Soy mujer de presente, de tirar pa´lante con lo que me echen. Soy muy disfrutona de mis hijas, de mi trabajo, de la vida. Me hacen feliz los pequeños detalles. Eso me llena mucho y así cargo las pilas. Por ejemplo, cuando me siento en la playa y miro al mar, digo: ¡Qué guay! Me reconforta mucho.    

-¿Echas de menos dar la información del tiempo?        

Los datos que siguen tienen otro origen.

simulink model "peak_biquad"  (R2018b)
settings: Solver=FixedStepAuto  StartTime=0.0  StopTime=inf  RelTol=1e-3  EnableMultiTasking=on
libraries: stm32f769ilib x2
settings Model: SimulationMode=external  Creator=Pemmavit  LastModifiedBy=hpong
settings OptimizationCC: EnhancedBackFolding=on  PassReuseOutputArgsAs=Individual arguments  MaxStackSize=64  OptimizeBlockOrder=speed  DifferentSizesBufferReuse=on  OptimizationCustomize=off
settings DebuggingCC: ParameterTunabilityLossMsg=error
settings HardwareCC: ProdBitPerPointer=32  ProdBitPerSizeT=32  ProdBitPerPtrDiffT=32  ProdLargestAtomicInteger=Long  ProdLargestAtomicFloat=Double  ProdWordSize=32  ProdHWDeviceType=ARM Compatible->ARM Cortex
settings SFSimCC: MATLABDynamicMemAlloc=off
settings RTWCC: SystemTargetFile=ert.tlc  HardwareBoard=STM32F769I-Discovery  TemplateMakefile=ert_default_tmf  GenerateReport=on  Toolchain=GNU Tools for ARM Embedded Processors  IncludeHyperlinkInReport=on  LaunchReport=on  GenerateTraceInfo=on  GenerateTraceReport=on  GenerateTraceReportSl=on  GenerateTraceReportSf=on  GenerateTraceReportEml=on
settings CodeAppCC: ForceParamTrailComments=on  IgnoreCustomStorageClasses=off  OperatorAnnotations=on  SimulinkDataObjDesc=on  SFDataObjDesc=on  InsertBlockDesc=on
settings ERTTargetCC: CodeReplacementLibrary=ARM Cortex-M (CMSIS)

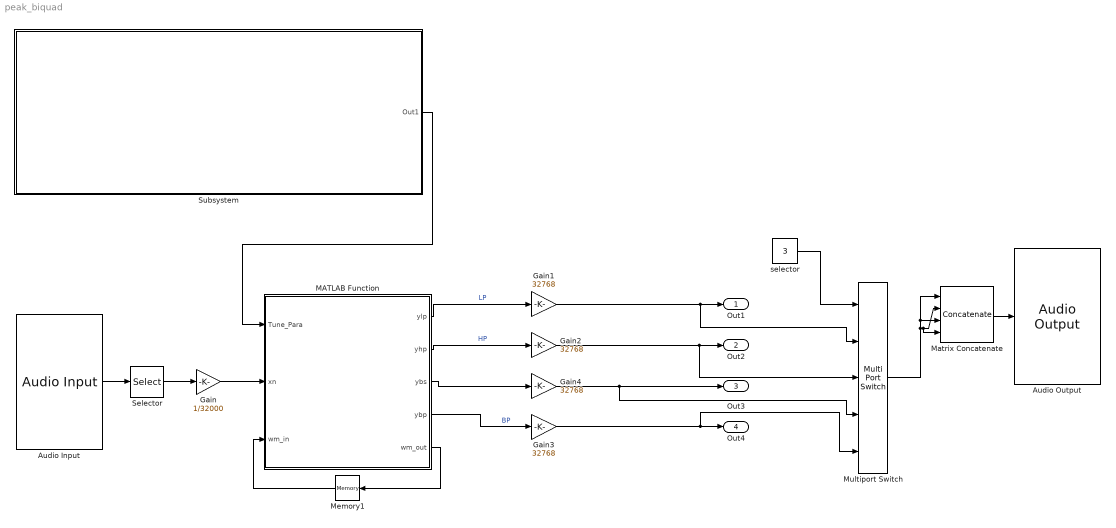
== system peak_biquad ==
  Audio Input : stm32f769ilib/Audio Input  InputDevice=LineIn  SamplingFreq=16000  NumCh=2  FrameSize=4096
      settings: SourceProductName=Embedded Coder Support Package for STMicroelectronics Discovery Boards  SourceProductBaseCode=STMICRODIS
  Audio Output : stm32f769ilib/Audio Output  OutputDevice=Headphone  SamplingFreq=16000  Volume=63
      settings: SourceProductName=Embedded Coder Support Package for STMicroelectronics Discovery Boards  SourceProductBaseCode=STMICRODIS
  Gain : Gain  Gain=1/32000  ParamDataTypeStr=double  OutDataTypeStr=double
  Gain{1..4} (4 alike) : Gain  Gain=32768  ParamDataTypeStr=int16  OutDataTypeStr=int16
  MATLAB Function : MATLAB Function  TreatAsAtomicUnit=on
  Matrix Concatenate : Concatenate  NumInputs=4  Mode=Multidimensional array  ConcatenateDimension=2
  Memory1 : Memory  InitialCondition=[0 0;0 0;0 0;0 0]  InheritSampleTime=on
  Multiport Switch : MultiPortSwitch  Inputs=4
  Selector : Selector  NumberOfDimensions=2  InputPortWidth=3  IndexOptions=Select all,Index vector (dialog)  Indices=[1 3],1  OutputSizes=1,1
  Subsystem : Subsystem
  selector : Constant  Value=3  OutDataTypeStr=int8
  Out1 : Outport  SignalName=LP
  Out2 : Outport  Port=2  SignalName=HP
  Out3 : Outport  Port=3  SignalName=BS
  Out4 : Outport  Port=4  SignalName=BP
  wires:
  Audio Input/1 -> Selector/1
  Selector/1 -> Gain/1
  Matrix Concatenate/1 -> Audio Output/1
  Gain/1 -> MATLAB Function/2(xn)
  MATLAB Function/5(wm_out) -> Memory1/1
  Memory1/1 -> MATLAB Function/3(wm_in)
  MATLAB Function/2(yhp) -> Gain2/1  "HP"
  MATLAB Function/1(ylp) -> Gain1/1  "LP"
  MATLAB Function/4(ybp) -> Gain3/1  "BP"
  Gain1/1 -> Multiport Switch/2, Out1/1
  Gain2/1 -> Multiport Switch/3, Out2/1
  Gain3/1 -> Multiport Switch/5, Out4/1
  Multiport Switch/1 -> Matrix Concatenate/3, Matrix Concatenate/1, Matrix Concatenate/4, Matrix Concatenate/2
  selector/1 -> Multiport Switch/1
  MATLAB Function/3(ybs) -> Gain4/1
  Gain4/1 -> Multiport Switch/4, Out3/1
  Subsystem/1(Out1) -> MATLAB Function/1(Tune_Para)

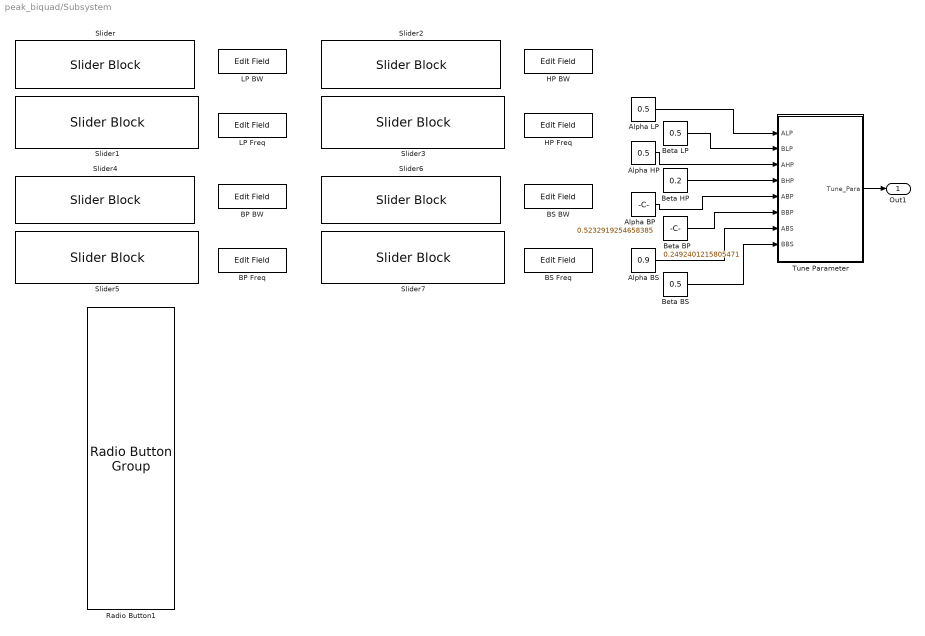
== system peak_biquad/Subsystem ==
  Alpha BP : Constant  Value=0.5232919254658385
  Alpha BS : Constant  Value=0.9
  Alpha HP : Constant  Value=0.5
  Alpha LP : Constant  Value=0.5
  BP BW : EditField  WebBlockId=46  LabelPosition=Hide  ShowInitialText=on  Alignment=Center
  BP Freq : EditField  WebBlockId=47  LabelPosition=Hide  ShowInitialText=on  Alignment=Center
  BS BW : EditField  WebBlockId=48  LabelPosition=Hide  ShowInitialText=on  Alignment=Center
  BS Freq : EditField  WebBlockId=49  LabelPosition=Hide  ShowInitialText=on  Alignment=Center
  Beta BP : Constant  Value=0.2492401215805471
  Beta BS : Constant  Value=0.5
  Beta HP : Constant  Value=0.2
  Beta LP : Constant  Value=0.5
  HP BW : EditField  WebBlockId=39  LabelPosition=Hide  ShowInitialText=on  Alignment=Center
  HP Freq : EditField  WebBlockId=40  LabelPosition=Hide  ShowInitialText=on  Alignment=Center
  LP BW : EditField  WebBlockId=14  LabelPosition=Hide  ShowInitialText=on  Alignment=Center
  LP Freq : EditField  WebBlockId=15  LabelPosition=Hide  ShowInitialText=on  Alignment=Center
  Radio Button1 : RadioButtonGroup  WebBlockId=38  SelectedLabel=BS  ButtonGroupName=Group
      settings: Values={{'LP', 'HP', 'BS', 'BP'}, [1 2 3 4]}
  Slider : SliderBlock  WebBlockId=35  ScaleMax=1
  Slider1 : SliderBlock  WebBlockId=36  ScaleMax=1
  Slider2 : SliderBlock  WebBlockId=41  ScaleMax=1
  Slider3 : SliderBlock  WebBlockId=42  ScaleMax=1
  Slider4 : SliderBlock  WebBlockId=50  ScaleMax=1
  Slider5 : SliderBlock  WebBlockId=51  ScaleMax=1
  Slider6 : SliderBlock  WebBlockId=52  ScaleMax=1
  Slider7 : SliderBlock  WebBlockId=53  ScaleMax=1
  Tune Parameter : MATLAB Function  TreatAsAtomicUnit=on
  Out1 : Outport
  wires:
  Alpha LP/1 -> Tune Parameter/1(ALP)
  Beta LP/1 -> Tune Parameter/2(BLP)
  Alpha HP/1 -> Tune Parameter/3(AHP)
  Beta HP/1 -> Tune Parameter/4(BHP)
  Alpha BP/1 -> Tune Parameter/5(ABP)
  Beta BP/1 -> Tune Parameter/6(BBP)
  Alpha BS/1 -> Tune Parameter/7(ABS)
  Beta BS/1 -> Tune Parameter/8(BBS)
  Tune Parameter/1(Tune_Para) -> Out1/1

== matlab function peak_biquad/Subsystem/Tune Parameter ==
  data: ALP input; Tune_Para output; BLP input; AHP input; BHP input; ABP input; BBP input; ABS input; BBS input
function Tune_Para = fcn(ALP,BLP,AHP,BHP,ABP,BBP,ABS,BBS)

Tune_Para = [ALP cos(BLP*pi);AHP cos(BHP*pi);ABS cos(BBS*pi);ABP cos(BBP*pi)];

== matlab function peak_biquad/MATLAB Function ==
  data: Tune_Para input; ylp output; yhp output; ybs output; xn input; ybp output; wm_in input; wm_out output
function [ylp, yhp,  ybs,ybp, wm_out] = iir_test(Tune_Para, xn,wm_in)
sample_per_frame = 4096;

wn = ones(4,3); d1 = ones(4,1); d2  = ones(4,1); Glp = ones(4,1); Ghp = ones(4,1); Gbp = ones(4,1);
ylp = ones(sample_per_frame,1,'double');
yhp = ylp;
ybp = ylp;
ybs = ylp;
wn(:,2:3) = wm_in;

for i=1:4   % 1 = alpha     2 = Beta
    d1(i) = -(1+Tune_Para(i,1))*Tune_Para(i,2);
    d2(i) = Tune_Para(i,1);
    Glp(i) = 0.25*(1-Tune_Para(i,2))*(1+Tune_Para(i,1));
    Ghp(i) = 0.25*(1+Tune_Para(i,2))*(1+Tune_Para(i,1));
    Gbp(i) = 0.5*(1-Tune_Para(i,1));
end

for i=1:4 %1=LP     2=HP      3=BS     4=BP
    for n = 1:sample_per_frame
        wn(i,1) = xn(n) - wn(i,2)*d1(i) - wn(i,3)*d2(i);
        switch i
            case 1
                ylp(n) = (wn(i,1) + wn(i,3) + 2*wn(i,2))*Glp(i);
            case 2
                yhp(n) = (wn(i,1) + wn(i,3) - 2*wn(i,2))*Ghp(i);
            case 4
                ybp(n) = (wn(i,1) - wn(i,3))*Gbp(i);
            case 3
                ybs(n) = (wn(i,1) + wn(i,3) + 2*wn(i,2))*Glp(i) + (wn(i,1) + wn(i,3) - 2*wn(i,2))*Ghp(i)+(wn(i,1) - wn(i,3))*Gbp(i)*3;
        end
        wn(i,3) = wn(i,2);
        wn(i,2) = wn(i,1);
    end
end
wm_out = wn(:,1:2);
%-------------------------------------------

-Sí, un poco, claro. Es una información muy bonita a la que le he dedicado gran parte de mi carrera profesional y que me ha regalado muy buenos y gratos momentos. Ahora, cuando doy paso al tiempo y hablan de tormenta tropical zombie. Me río y pienso: «Ahora que no doy el tiempo, surgen nuevos fenómenos meteorológicos, ya que me gustaría abordarlos». 

-Y, ¿Mónica López se moja, en todos los sentidos?  

-Sí, siempre. ¡Ja,ja,ja! Cuantas veces he dado el tiempo diciendo que iba a llover ese día, advirtiendo que no olvidaran coger el paraguas y el chubasquero para que no les pillara de sorpresa la lluvia y al final, la sorprendida  y mojada yo. Eso son gajes del oficio.